I stayed up until 3 a.m. watching CMT channel’s Dallas Cowboy Cheerleaders (DCC). I was on the verge of tears because these awesomely talented, beautiful, gracious, dignified and smart women were on a mission to be members of the worlds best cheerleading squad. Their beauty was being validated left and right.
Suddenly, I intimately understood why I was on the verge of tears: I couldn’t remember my parents telling me how beautiful I was. I couldn’t remember the last time I heard my parents telling me about how beautiful I was on the inside either.

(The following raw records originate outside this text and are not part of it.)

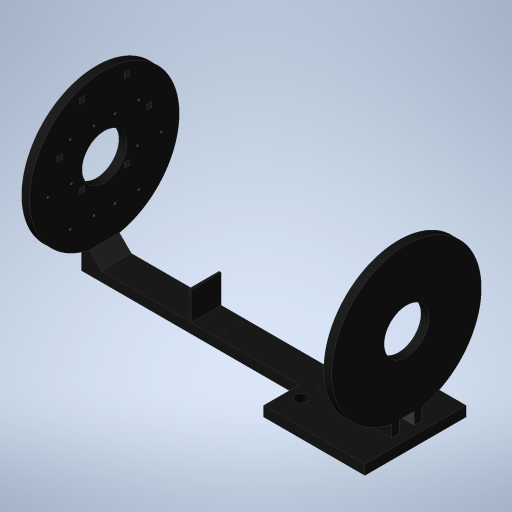
# Autodesk Inventor part: base2
Saved by Autodesk Inventor 2023 (Build 270158000, 158)
## iProperties
Created: 2022-11-02
Part Number: base2
Material: Generic
Document SubType Name: Modeling
Designer: Admin
Density: 1 g/cm^3
Appearance: Default
Author: Admin
Autodesk Inventor part; units mm, degrees
ref_plane "YZ Plane" through (0, 0, 0) normal (1, 0, 0) x (0, 1, 0)
ref_plane "XZ Plane" through (0, 0, 0) normal (0, 1, 0) x (-1, 0, 0)
ref_plane "XY Plane" through (0, 0, 0) normal (0, 0, 1) x (1, 0, 0)
sketch "Sketch1" plane through (0, 0, 0) normal (1, 0, 0) x (0, 1, 0)
  line L0 (38.9711, 22.5) -> (38.9711, -22.5)
  line L1 (0, -45) -> (-38.9711, -22.5)
  line L2 (-38.9711, -22.5) -> (-38.9711, 22.5)
  line L3 (-38.9711, 22.5) -> (0, 45)
  line L4 (0, 45) -> (38.9711, 22.5)
  line L5 (0, 45) -> (0, -45)
  line L6 (38.9711, 0) -> (-38.9711, 0)
  circle A0 centre (38.9711, -22.5) radius 17.5
  circle A1 centre (38.9711, -22.5) radius 15
  line L7 (38.9711, -22.5) -> (62.5188, -22.5)
  line L8 (56.4711, -26.5) -> (64.4711, -26.5)
  line L9 (64.4711, -26.5) -> (64.4711, -18.5)
  line L10 (64.4711, -18.5) -> (56.4711, -18.5)
  line L11 (56.4711, -18.5) -> (56.4711, -26.5)
  line L12 (56.4711, -26.5) -> (64.4711, -18.5) construction
  line L13 (64.4711, -26.5) -> (56.4711, -18.5) construction
  line L14 (38.9711, 22.5) -> (0, 0)
  line L15 (29.9645, 17.3) -> (28.1458, 16.25)
  line L16 (-48.9711, -15) -> (-48.9711, 15)
  line L17 (-48.9711, 15) -> (-56.9711, 15)
  line L18 (-56.9711, 15) -> (-56.9711, -15)
  line L19 (-56.9711, -15) -> (-48.9711, -15)
  circle A2 centre (-38.9711, -22.5) radius 17.5
  circle A3 centre (-38.9711, 22.5) radius 17.5
  line L20 (-52.9711, -15) -> (-52.9711, 15)
  line L21 (57.8711, -25.1) -> (63.0711, -25.1)
  line L22 (63.0711, -25.1) -> (63.0711, -19.9)
  line L23 (63.0711, -19.9) -> (57.8711, -19.9)
  line L24 (57.8711, -19.9) -> (57.8711, -25.1)
  line L25 (57.8711, -25.1) -> (63.0711, -19.9) construction
  line L26 (63.0711, -25.1) -> (57.8711, -19.9) construction
  circle A4 centre (38.9711, 22.5) radius 17.5
  circle A5 centre (0, 45) radius 17.5
  circle A6 centre (-38.9711, 22.5) radius 17.5
  circle A7 centre (-38.9711, -22.5) radius 17.5
  circle A8 centre (0, -45) radius 17.5
  line L27 (0, -45) -> (30.2711, -45)
  line L28 (17.5, -49) -> (25.5, -49)
  line L29 (25.5, -49) -> (25.5, -41)
  line L30 (25.5, -41) -> (17.5, -41)
  line L31 (17.5, -41) -> (17.5, -49)
  line L32 (17.5, -49) -> (25.5, -41) construction
  line L33 (25.5, -49) -> (17.5, -41) construction
  line L34 (18.9, -47.6) -> (24.1, -47.6)
  line L35 (24.1, -47.6) -> (24.1, -42.4)
  line L36 (24.1, -42.4) -> (18.9, -42.4)
  line L37 (18.9, -42.4) -> (18.9, -47.6)
  line L38 (18.9, -47.6) -> (24.1, -42.4) construction
  line L39 (24.1, -47.6) -> (18.9, -42.4) construction
  line L40 (-38.9711, -22.5) -> (-4.25, -22.5)
  line L41 (-21.4711, -26.5) -> (-13.4711, -26.5)
  line L42 (-13.4711, -26.5) -> (-13.4711, -18.5)
  line L43 (-13.4711, -18.5) -> (-21.4711, -18.5)
  line L44 (-21.4711, -18.5) -> (-21.4711, -26.5)
  line L45 (-21.4711, -26.5) -> (-13.4711, -18.5) construction
  line L46 (-13.4711, -26.5) -> (-21.4711, -18.5) construction
  line L47 (-20.0711, -25.1) -> (-14.8711, -25.1)
  line L48 (-14.8711, -25.1) -> (-14.8711, -19.9)
  line L49 (-14.8711, -19.9) -> (-20.0711, -19.9)
  line L50 (-20.0711, -19.9) -> (-20.0711, -25.1)
  line L51 (-20.0711, -25.1) -> (-14.8711, -19.9) construction
  line L52 (-14.8711, -25.1) -> (-20.0711, -19.9) construction
  line L53 (56.4711, 26.5) -> (64.4711, 26.5)
  line L54 (64.4711, 26.5) -> (64.4711, 18.5)
  line L55 (64.4711, 18.5) -> (56.4711, 18.5)
  line L56 (56.4711, 18.5) -> (56.4711, 26.5)
  line L57 (56.4711, 26.5) -> (64.4711, 18.5) construction
  line L58 (64.4711, 26.5) -> (56.4711, 18.5) construction
  line L59 (57.8711, 25.1) -> (63.0711, 25.1)
  line L60 (63.0711, 25.1) -> (63.0711, 19.9)
  line L61 (63.0711, 19.9) -> (57.8711, 19.9)
  line L62 (57.8711, 19.9) -> (57.8711, 25.1)
  line L63 (57.8711, 25.1) -> (63.0711, 19.9) construction
  line L64 (63.0711, 25.1) -> (57.8711, 19.9) construction
  line L65 (17.5, 49) -> (25.5, 49)
  line L66 (25.5, 49) -> (25.5, 41)
  line L67 (25.5, 41) -> (17.5, 41)
  line L68 (17.5, 41) -> (17.5, 49)
  line L69 (17.5, 49) -> (25.5, 41) construction
  line L70 (25.5, 49) -> (17.5, 41) construction
  line L71 (18.9, 47.6) -> (24.1, 47.6)
  line L72 (24.1, 47.6) -> (24.1, 42.4)
  line L73 (24.1, 42.4) -> (18.9, 42.4)
  line L74 (18.9, 42.4) -> (18.9, 47.6)
  line L75 (18.9, 47.6) -> (24.1, 42.4) construction
  line L76 (24.1, 47.6) -> (18.9, 42.4) construction
  line L77 (-21.4711, 26.5) -> (-13.4711, 26.5)
  line L78 (-13.4711, 26.5) -> (-13.4711, 18.5)
  line L79 (-13.4711, 18.5) -> (-21.4711, 18.5)
  line L80 (-21.4711, 18.5) -> (-21.4711, 26.5)
  line L81 (-21.4711, 26.5) -> (-13.4711, 18.5) construction
  line L82 (-13.4711, 26.5) -> (-21.4711, 18.5) construction
  line L83 (-20.0711, 25.1) -> (-14.8711, 25.1)
  line L84 (-14.8711, 25.1) -> (-14.8711, 19.9)
  line L85 (-14.8711, 19.9) -> (-20.0711, 19.9)
  line L86 (-20.0711, 19.9) -> (-20.0711, 25.1)
  line L87 (-20.0711, 25.1) -> (-14.8711, 19.9) construction
  line L88 (-14.8711, 25.1) -> (-20.0711, 19.9) construction
  line L89 (0, 0) -> (21.5, 0)
  circle A9 centre (21.5, 0) radius 55
  circle A10 centre (21.5, 0) radius 35
  line L90 (-31.415, 0) -> (-31.415, 15)
  line L91 (-31.415, 15) -> (-85.4711, 15)
  line L92 (-85.4711, 15) -> (-85.4711, 0)
  line L93 (-31.415, 7) -> (-85.4711, 7)
  line L94 (-85.4711, 15) -> (-95.4711, 15)
  line L95 (-95.4711, 15) -> (-95.4711, -10)
  line L96 (-31.415, 0) -> (-31.415, -15)
  line L97 (-31.415, -15) -> (-85.4711, -15)
  line L98 (-85.4711, -15) -> (-85.4711, 0)
  line L99 (-31.415, -7) -> (-85.4711, -7)
  line L100 (-85.4711, -15) -> (-95.4711, -15)
  line L101 (-95.4711, -15) -> (-95.4711, -10)
  circle A11 centre (38.9711, 22.5) radius 15
  circle A12 centre (0, 45) radius 15
  circle A13 centre (-38.9711, 22.5) radius 15
  circle A14 centre (-38.9711, -22.5) radius 15
  circle A15 centre (0, -45) radius 15
  line L102 (38.9711, -22.5) -> (30.2211, -7.3446)
  line L103 (0, -45) -> (-8.75, -29.8446)
  line L104 (-38.9711, -22.5) -> (-47.7211, -37.6554)
  circle A16 centre (0, 0) radius 22.5
  circle A17 centre (0, 0) radius 75
  circle A18 centre (38.9711, -22.5) radius 12.5
  circle A19 centre (32.0961, -10.5922) radius 1.05
  circle A20 centre (32.0961, -34.4078) radius 1.05
  circle A21 centre (38.9711, 22.5) radius 12.5
  circle A22 centre (0, 45) radius 12.5
  circle A23 centre (-38.9711, 22.5) radius 12.5
  circle A24 centre (-38.9711, -22.5) radius 12.5
  circle A25 centre (0, -45) radius 12.5
  circle A26 centre (-6.875, -33.0922) radius 1.05
  circle A27 centre (-6.875, -56.9078) radius 1.05
  circle A28 centre (-45.8461, -34.4078) radius 1.05
  circle A29 centre (-45.8461, -10.5922) radius 1.05
  circle A30 centre (32.0961, 10.5922) radius 1.05
  circle A31 centre (32.0961, 34.4078) radius 1.05
  circle A32 centre (-6.875, 33.0922) radius 1.05
  circle A33 centre (-6.875, 56.9078) radius 1.05
  circle A34 centre (-45.8461, 34.4078) radius 1.05
  circle A35 centre (-45.8461, 10.5922) radius 1.05
  point P0 (60.4711, -22.5)
  point P1 (21.5, -45)
  point P2 (-17.4711, -22.5)
  point P3 (60.4711, 22.5)
  point P4 (21.5, 45)
  point P5 (-17.4711, 22.5)
  point P6 (-31.415, -15)
  point P7 (-56.9711, 7)
  point P8 (-56.9711, -7)
  point P9 (-33.0527, 7)
  point P10 (-33.0527, -7)
  point P11 (-74.6726, 7)
  point P12 (-73.4847, 15)
  point P13 (-73.4847, -15)
  point P14 (-74.6726, -7)
  dimension "d8" = 35
  dimension "d45" = 110
  dimension "d9" = 45
  dimension "d12" = 30
  dimension "d13" = 8
  dimension "d14" = 8
  dimension "d22" = 30
  dimension "d23" = 8
  dimension "d24" = 30
  dimension "d25" = 35
  dimension "d26" = 35
  dimension "d27" = 4
  dimension "d30" = 5.2
  dimension "d31" = 5.2
  dimension "d34" = 360
  dimension "d36" = 8
  dimension "d37" = 8
  dimension "d38" = 5.2
  dimension "d39" = 5.2
  dimension "d40" = 8
  dimension "d41" = 8
  dimension "d42" = 5.2
  dimension "d43" = 5.2
  dimension "d44" = 21.5
  dimension "d46" = 70
  dimension "d47" = 15
  dimension "d49" = 8
  dimension "d50" = 28.5
  dimension "d51" = 10
  dimension "d97" = 360
  dimension "d99" = 120
  dimension "d102" = 120
  dimension "d105" = 120
  dimension "d112" = 45
  dimension "d113" = 150
  dimension "d118" = 25
  dimension "d119" = 18.5
  dimension "d120" = 2.1
  dimension "d122" = 13.75
  dimension "d125" = 360
  dimension "d127" = 2.1
  dimension "d128" = 13.75
  dimension "d129" = 2.1
  dimension "d130" = 13.75
  constraints: 210 end point, 41 symmetric about line, 32 centre point, 16 midpoint, 14 point on line, 12 horizontal, 11 parallel, 10 perpendicular, 7 coincident, 6 vertical, 1 tangent, 71 other
  measures "d9" distance of L0.start L0.end
  measures "d12" diameter of A1
  measures "d13" distance of L10.end L9.end
  measures "d14" distance of L8.end L9.end
  measures "d22" distance of L16.start L16.end
  measures "d23" distance of L17.start L17.end
  measures "d24" distance of L17.end L18.end
  measures "d25" diameter of A2
  measures "d26" diameter of A3
  measures "d27" distance between parallel lines of L18 L20
  measures "d30" distance of L23.end L22.end
  measures "d31" distance of L21.end L22.end
  measures "d36" distance of L30.end L29.end
  measures "d37" distance of L28.end L29.end
  measures "d38" distance of L36.end L35.end
  measures "d39" distance of L34.end L35.end
  measures "d40" distance of L43.end L42.end
  measures "d41" distance of L41.end L42.end
  measures "d42" distance of L49.end L48.end
  measures "d43" distance of L47.end L48.end
  measures "d44" distance of L14.end L89.end
  measures "d46" diameter of A10
  measures "d47" distance of L90.start L90.end
  measures "d49" distance between parallel lines of L91 L93
  measures "d50" distance between parallel lines of L18 L92
  measures "d51" distance of L91.end L94.end
  measures "d99" angle of L7 L102
  measures "d102" angle of L27 L103
  measures "d105" angle of L40 L104
  measures "d112" diameter of A16
  measures "d113" diameter of A17
  measures "d118" diameter of A18
  measures "d119" distance between parallel lines of L89 L10
  measures "d120" diameter of A19
  measures "d122" distance of A19.centre L0.end
  measures "d127" diameter of A26
  measures "d128" distance of L27.start A26.centre
  measures "d129" diameter of A28
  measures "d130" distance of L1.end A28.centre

I’m not saying they “never” said I was beautiful but if they did, they said it so infrequently it never registered. I can’t remember an occasion to save my life.
It quickly was becoming more apparent I have spent most of my life trying to get others to validate my exterior beauty while ignoring my inner beauty. In fact my dysfunctional bug light attracted other bugs just as dysfunctional. All of us were looking for the same validation. Frankly, it’s a miracle I’ve made it this far.
I also remembered having the deep desire to do what DCC did since I was six years old when I spotted a New Jersey pageant for young girls on TV similar to Toddlers and Tiaras. I couldn’t understand why we couldn’t get in the car and go.
We lived in the Bronx so it wasn’t that far, I reasoned. I begged and begged to no avail. Of course it was already too late for me to participate in that particular pageant. Nevertheless, I wanted to do that. I considered myself a princess and felt strongly it behooved me to win a beauty pageant.
Familial body language
Unfortunately, the body image my parents reinforced was that I had an undesirable body type. I was not overweight until I moved away from my family in New York city and became isolated in California.
|My hot date for a formal awards dinner|
I remember Dad telling me how fat I was. My parents were so obsessed with my weight they took me to see my pediatrician who was only too happy to show me a growth chart that said at the rate I was gaining I would obese as an adult. I am obese today.
My father put the entire family on a diet. I remember open face hamburgers on rye bread with mozzarella cheese, onion and a tomato slice. I remember getting busted for hiding Oreos in my chest of drawers. I hated it when Dad yelled at me. I also remember wanting more and more food. A full tummy was a happier me, I thought.
Whenever we went shopping I couldn’t fit into the latest styles because I was “husky.” My mother groaned, mumbled, and huffed and puffed because clothes in my size cost more and were hard to find. Clothes in my size were hardly fashionable. They were downright ugly in many cases.
Whenever my paternal grandmother, Whelita, took me out shopping she always remarked how my selection of clothing was limited because I was fat. In fact, when I was 13-years-old she told me I would not be successful in America because my skin was too dark.
I am Afropuertoriqueno, black Puerto Rican, and she was white Puerto Rican. She also had no use for and disliked my mother because she was black Puerto Rican. She opposed the marriage mostly for that reason.
What Whelita failed to recognize was my mother had stunning natural beauty, i.e., high cheek bones, deep brown eyes, full supple lips, and a smile that could melt the heart of any man. She was incredibly intelligent and more than happy to “submit” to her husband. However, that didn’t matter to Whelita. She had no use for my mother because she didn’t find her beautiful enough.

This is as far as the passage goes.